Everything from the opening line of the listing below to the line that has "Electricl Block : Subsystem", inclusive, should be returned exactly, except the pictures.

───── Material provided ─────

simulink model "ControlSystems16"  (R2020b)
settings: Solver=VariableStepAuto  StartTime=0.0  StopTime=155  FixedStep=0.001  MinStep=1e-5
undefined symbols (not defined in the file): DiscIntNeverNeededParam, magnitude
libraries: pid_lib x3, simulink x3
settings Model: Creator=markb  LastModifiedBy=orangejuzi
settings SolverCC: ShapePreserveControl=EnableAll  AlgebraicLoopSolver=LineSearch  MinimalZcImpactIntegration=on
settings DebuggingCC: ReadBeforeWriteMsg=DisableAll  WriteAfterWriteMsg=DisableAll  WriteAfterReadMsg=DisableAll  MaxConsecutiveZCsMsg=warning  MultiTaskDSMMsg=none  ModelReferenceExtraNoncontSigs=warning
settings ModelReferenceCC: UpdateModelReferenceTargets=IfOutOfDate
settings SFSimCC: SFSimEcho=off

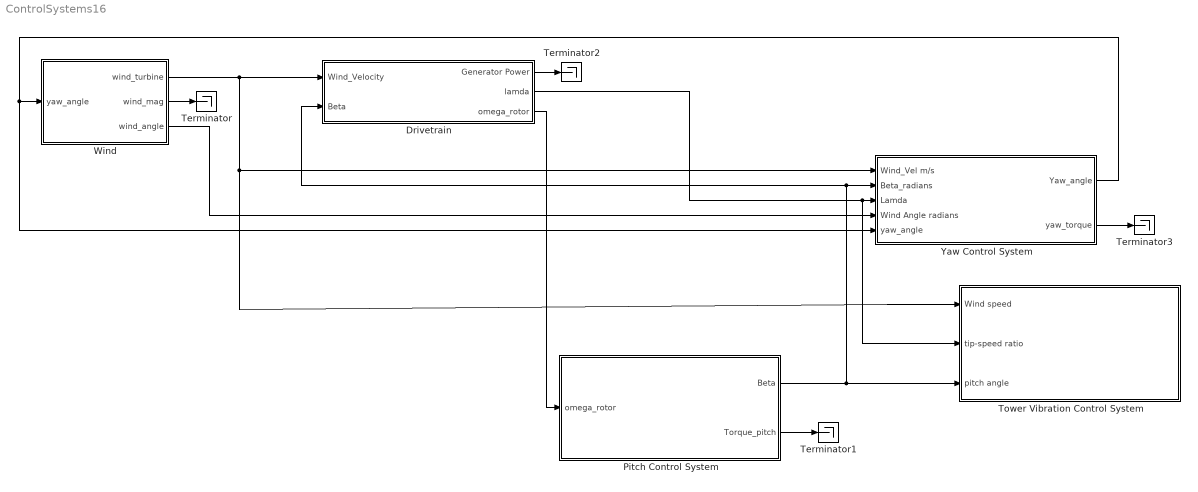
== system ControlSystems16 ==
  Drivetrain : Subsystem
  Pitch Control System : Subsystem
  Terminator{,1..3} (4 alike) : Terminator
  Tower Vibration Control System : Subsystem
  Wind : Subsystem
  Yaw Control System : Subsystem
  wires:
  Yaw Control System/1(Yaw_angle) -> Yaw Control System/5(yaw_angle), Wind/1(yaw_angle)
  Wind/2(wind_mag) -> Terminator/1
  Pitch Control System/1(Beta) -> Drivetrain/2(Beta), Yaw Control System/2(Beta_radians), Tower Vibration Control System/3("pitch angle ")
  Drivetrain/1(Generator Power) -> Terminator2/1
  Wind/3(wind_angle) -> Yaw Control System/4(Wind Angle radians)
  Wind/1(wind_turbine) -> Drivetrain/1(Wind_Velocity), Tower Vibration Control System/1(Wind speed), Yaw Control System/1(Wind_Vel m/s)
  Pitch Control System/2(Torque_pitch) -> Terminator1/1
  Yaw Control System/2(yaw_torque) -> Terminator3/1
  Drivetrain/2(lamda) -> Tower Vibration Control System/2(tip-speed ratio), Yaw Control System/3(Lamda)
  Drivetrain/3(omega_rotor) -> Pitch Control System/1(omega_rotor)

== system ControlSystems16/Drivetrain ==
  Wind_Velocity : Inport
  Beta : Inport  Port=2
  Aerodynamic Block : Subsystem
  Electricl Block : Subsystem
  Mechanical Bock : Subsystem
  Generator Power : Outport
  lamda : Outport  Port=2
  omega_rotor : Outport  Port=3
  wires:
  Mechanical Bock/2(omega_Gen) -> Electricl Block/1(HSS_Speed)
  Electricl Block/2(Generator Torque) -> Mechanical Bock/2(Gen_Torque)
  Mechanical Bock/1(omega_rotor) -> omega_rotor/1, Aerodynamic Block/1(Rotor_Angular_Velocity)
  Wind_Velocity/1 -> Aerodynamic Block/2(Wind_Velocity)
  Beta/1 -> Aerodynamic Block/3(Beta)
  Aerodynamic Block/2(lamda) -> lamda/1
  Aerodynamic Block/1(Rotor_Torque) -> Mechanical Bock/1(Rotor_Torque)
  Electricl Block/1(Generator Power) -> Generator Power/1

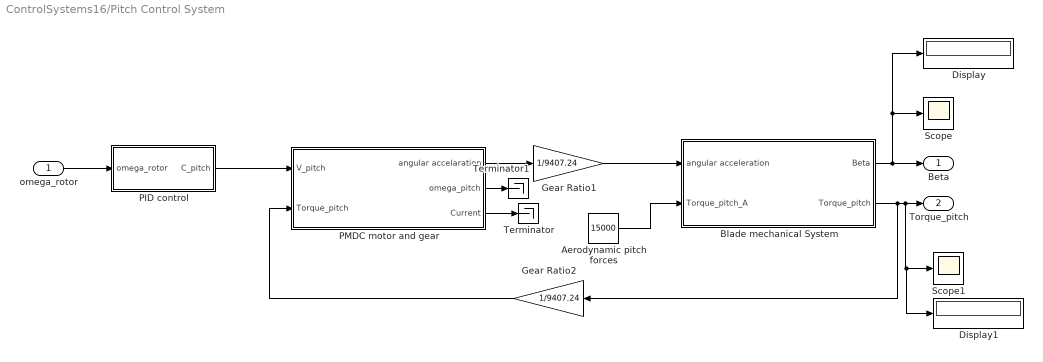
== system ControlSystems16/Pitch Control System ==
  omega_rotor : Inport
  Aerodynamic pitch forces : Constant  Value=15000
  Blade mechanical System : Subsystem
  Display : Display
  Display1 : Display
  Gear Ratio1 : Gain  Gain=1/9407.24
  Gear Ratio2 : Gain  Gain=1/9407.24
  PID control : Subsystem
  PMDC motor and gear : Subsystem
  Scope : Scope
  Scope1 : Scope
  Terminator : Terminator
  Terminator1 : Terminator
  Beta : Outport
  Torque_pitch : Outport  Port=2
  wires:
  omega_rotor/1 -> PID control/1(omega_rotor)
  Aerodynamic pitch forces/1 -> Blade mechanical System/2(Torque_pitch_A)
  Blade mechanical System/2(Torque_pitch) -> Display1/1, Scope1/1, Torque_pitch/1, Gear Ratio2/1
  PID control/1(C_pitch) -> PMDC motor and gear/1(V_pitch)
  Blade mechanical System/1(Beta) -> Display/1, Scope/1, Beta/1
  Gear Ratio1/1 -> Blade mechanical System/1(angular acceleration)
  Gear Ratio2/1 -> PMDC motor and gear/2(Torque_pitch)
  PMDC motor and gear/1(angular accelaration) -> Gear Ratio1/1
  PMDC motor and gear/3(Current) -> Terminator/1
  PMDC motor and gear/2(omega_pitch) -> Terminator1/1

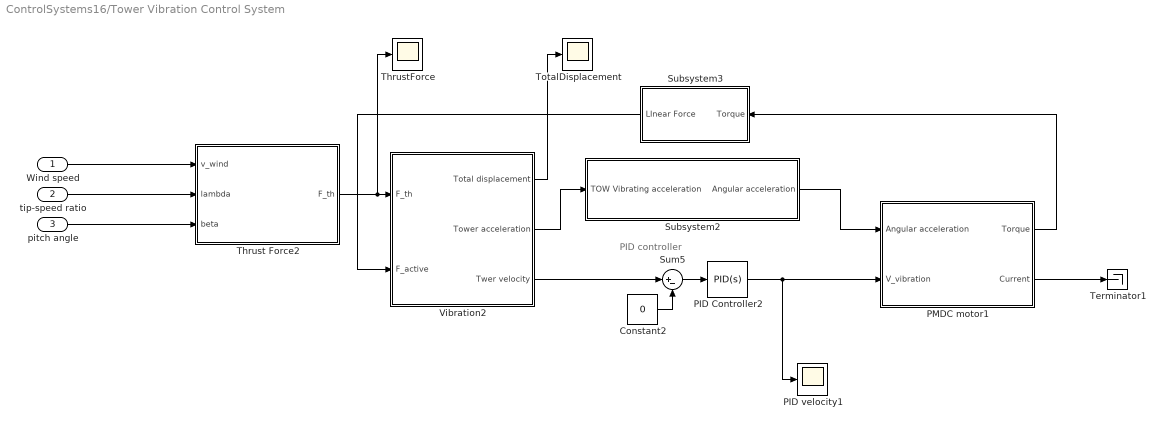
== system ControlSystems16/Tower Vibration Control System ==
  note: PID controller
  Wind speed : Inport
  tip-speed ratio : Inport  Port=2
  "pitch angle " : Inport  Port=3
  Constant2 : Constant  Value=0
  PID Controller2 : pid_lib/PID Controller  Controller=PID  Form=Parallel  TimeDomain=Continuous-time  UseExternalTs=off  SampleTime=-1  IntegratorMethod=Forward Euler  FilterMethod=Forward Euler  ControllerParametersSource=internal  P=-2000  I=-1  D=-1  UseFilter=on  N=597.035100888721  TunerSelectOption=Transfer Function Based (PID Tuner App)  InitialConditionSource=internal  InitialConditionForIntegrator=0  InitialConditionForFilter=0  DifferentiatorICPrevScaledInput=0  ExternalReset=none  TrackingMode=off  Kt=1  LimitOutput=off  SatLimitsSource=internal  UpperSaturationLimit=inf  LowerSaturationLimit=-inf  LinearizeAsGain=on  AntiWindupMode=none  Kb=1  POutMin=[]  POutMax=[]  IOutMin=[]  IOutMax=[]  DOutMin=[]  DOutMax=[]  NOutMin=[]  NOutMax=[]  SumOutMin=[]  SumOutMax=[]  SaturationOutMin=[]  SaturationOutMax=[]  PParamMin=[]  PParamMax=[]  IParamMin=[]  IParamMax=[]  DParamMin=[]  DParamMax=[]  NParamMin=[]  NParamMax=[]  KbParamMin=[]  KbParamMax=[]  KtParamMin=[]  KtParamMax=[]  KbOutMin=[]  KbOutMax=[]  KtOutMin=[]  KtOutMax=[]  IntegratorOutMin=[]  IntegratorOutMax=[]  FilterOutMin=[]  FilterOutMax=[]  SumI1OutMin=[]  SumI1OutMax=[]  SumI2OutMin=[]  SumI2OutMax=[]  SumI3OutMin=[]  SumI3OutMax=[]  SumI4OutMin=[]  SumI4OutMax=[]  SumDOutMin=[]  SumDOutMax=[]  DifferentiatorOutMin=[]  DifferentiatorOutMax=[]  FilterDiffOutCoefMin=[]  FilterDiffOutCoefMax=[]  ReciprocalOutMin=[]  ReciprocalOutMax=[]  SumDenOutMin=[]  SumDenOutMax=[]  SumNumOutMin=[]  SumNumOutMax=[]  DivideOutMin=[]  DivideOutMax=[]  UdiffTsProdOutMin=[]  UdiffTsProdOutMax=[]  NTsProdOutMin=[]  NTsProdOutMax=[]  UintegralTsProdOutMin=[]  UintegralTsProdOutMax=[]  UngainTsProdOutMin=[]  UngainTsProdOutMax=[]  IntegratorContinuousStateAttributes=''  IntegratorStateMustResolveToSignalObject=off  IntegratorRTWStateStorageClass=Auto  FilterContinuousStateAttributes=''  FilterStateMustResolveToSignalObject=off  FilterRTWStateStorageClass=Auto  ParallelPVariant=InternalParameters  IdealPVariant=Disabled  IVariant=InternalParameters  DVariant=InternalParameters  IntegratorVariant=Continuous  SatVariant=Disabled  AWVariant=Passthrough  PCopyVariant=Disabled  TRVariant=Disabled  FdbkBlocksVariant=Forward  IdealPFdbkVariant=Disabled  SatFdbkVariant=Disabled  DerivativeFilterVariant=ContFilter  NVariant=InternalParameters  NCopyVariant=Disabled  FilterICVariant=InternalICsFilter  IntegratorICVariant=InternalICs  ExternalResetVariant=Disabled  TRSumVariant=Passthrough  SumFdbkVariant=Disabled  SumVariant=Sum_PID  TsampFilterVariant=InternalTs  TsampNgainVariant=Passthrough  TsampIntegralVariant=Passthrough  ExternalSaturationOutDataTypeStr=Inherit: Same as second input
  PID velocity1 : Scope
  PMDC motor1 : Subsystem
  Subsystem2 : Subsystem
  Subsystem3 : Subsystem
  Sum5 : Sum  Inputs=|+-
  Terminator1 : Terminator
  Thrust Force2 : Subsystem
  ThrustForce : Scope
  TotalDisplacement : Scope
  Vibration2 : Subsystem
  wires:
  Wind speed/1 -> Thrust Force2/1(v_wind)
  "pitch angle "/1 -> Thrust Force2/3(beta)
  tip-speed ratio/1 -> Thrust Force2/2(lambda)
  PMDC motor1/2(Current) -> Terminator1/1
  Subsystem2/1(Angular acceleration) -> PMDC motor1/1(Angular acceleration)
  Sum5/1 -> PID Controller2/1
  Constant2/1 -> Sum5/2
  Vibration2/3(Twer velocity) -> Sum5/1
  PID Controller2/1 -> PID velocity1/1, PMDC motor1/2(V_vibration)
  PMDC motor1/1(Torque) -> Subsystem3/1(Torque)
  Vibration2/2(Tower acceleration) -> Subsystem2/1(TOW Vibrating acceleration)
  Thrust Force2/1(F_th) -> ThrustForce/1, Vibration2/1(F_th)
  Vibration2/1(Total displacement) -> TotalDisplacement/1
  Subsystem3/1(LInear Force) -> Vibration2/2(F_active)

== system ControlSystems16/Wind ==
  yaw_angle : Inport
  Add : Sum  Inputs=-+
  Product : Product
  Ramp_for_wind_test : simulink/Sources/Ramp  slope=0.1  start=0  InitialOutput=10
  Terminator : Terminator
  Trigonometric Function : Trigonometry  Operator=cos
  Wind_mag : simulink/Sources/Repeating Sequence Interpolated  OutValues=[6 10 15 10 10 15 18 20 22 26 20 22 18 15 13 13 12 10 9 11 17 17 19 19 25 25 26 19 13 10 7 ].'  TimeValues=[0 5 15 20 25 30 35 40 45 50 55 60 65 70 75 80 85 90 95 100 105 110 115 120 125 130 135 140 145 150 155 ].'  LookUpMeth=Interpolation-Use End Values  tsamp=0.01  OutMin=[]  OutMax=[]  OutDataTypeStr=double  OutputDataTypeScalingMode=double  OutDataType=fixdt(0,8)  OutScaling=2^-10
  deg_to_rad : Gain  Gain=pi/180
  omega_w_deg : simulink/Sources/Repeating Sequence Interpolated  OutValues=[ 0 0 0 6 10 12 12 4 8 12 16 16 24 28 24 16 12 4 2 0 0 -2 -4 -4 -10 -14 -18 -20 -12 -8 -4 ].'  TimeValues=[0 5 15 20 25 30 35 40 45 50 55 60 65 70 75 80 85 90 95 100 105 110 115 120 125 130 135 140 145 150 155 ].'  LookUpMeth=Interpolation-Use End Values  tsamp=0.01  OutMin=[]  OutMax=[]  OutDataTypeStr=double  OutputDataTypeScalingMode=double  OutDataType=fixdt(0,8)  OutScaling=2^-10
  wind_turbine : Outport
  wind_mag : Outport  Port=2
  wind_angle : Outport  Port=3
  wires:
  Add/1 -> Trigonometric Function/1
  Trigonometric Function/1 -> Product/1
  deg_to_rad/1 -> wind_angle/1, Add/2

─────

● **Task answer**
simulink model "ControlSystems16"  (R2020b)
settings: Solver=VariableStepAuto  StartTime=0.0  StopTime=155  FixedStep=0.001  MinStep=1e-5
undefined symbols (not defined in the file): DiscIntNeverNeededParam, magnitude
libraries: pid_lib x3, simulink x3
settings Model: Creator=markb  LastModifiedBy=orangejuzi
settings SolverCC: ShapePreserveControl=EnableAll  AlgebraicLoopSolver=LineSearch  MinimalZcImpactIntegration=on
settings DebuggingCC: ReadBeforeWriteMsg=DisableAll  WriteAfterWriteMsg=DisableAll  WriteAfterReadMsg=DisableAll  MaxConsecutiveZCsMsg=warning  MultiTaskDSMMsg=none  ModelReferenceExtraNoncontSigs=warning
settings ModelReferenceCC: UpdateModelReferenceTargets=IfOutOfDate
settings SFSimCC: SFSimEcho=off

== system ControlSystems16 ==
  Drivetrain : Subsystem
  Pitch Control System : Subsystem
  Terminator{,1..3} (4 alike) : Terminator
  Tower Vibration Control System : Subsystem
  Wind : Subsystem
  Yaw Control System : Subsystem
  wires:
  Yaw Control System/1(Yaw_angle) -> Yaw Control System/5(yaw_angle), Wind/1(yaw_angle)
  Wind/2(wind_mag) -> Terminator/1
  Pitch Control System/1(Beta) -> Drivetrain/2(Beta), Yaw Control System/2(Beta_radians), Tower Vibration Control System/3("pitch angle ")
  Drivetrain/1(Generator Power) -> Terminator2/1
  Wind/3(wind_angle) -> Yaw Control System/4(Wind Angle radians)
  Wind/1(wind_turbine) -> Drivetrain/1(Wind_Velocity), Tower Vibration Control System/1(Wind speed), Yaw Control System/1(Wind_Vel m/s)
  Pitch Control System/2(Torque_pitch) -> Terminator1/1
  Yaw Control System/2(yaw_torque) -> Terminator3/1
  Drivetrain/2(lamda) -> Tower Vibration Control System/2(tip-speed ratio), Yaw Control System/3(Lamda)
  Drivetrain/3(omega_rotor) -> Pitch Control System/1(omega_rotor)

== system ControlSystems16/Drivetrain ==
  Wind_Velocity : Inport
  Beta : Inport  Port=2
  Aerodynamic Block : Subsystem
  Electricl Block : Subsystem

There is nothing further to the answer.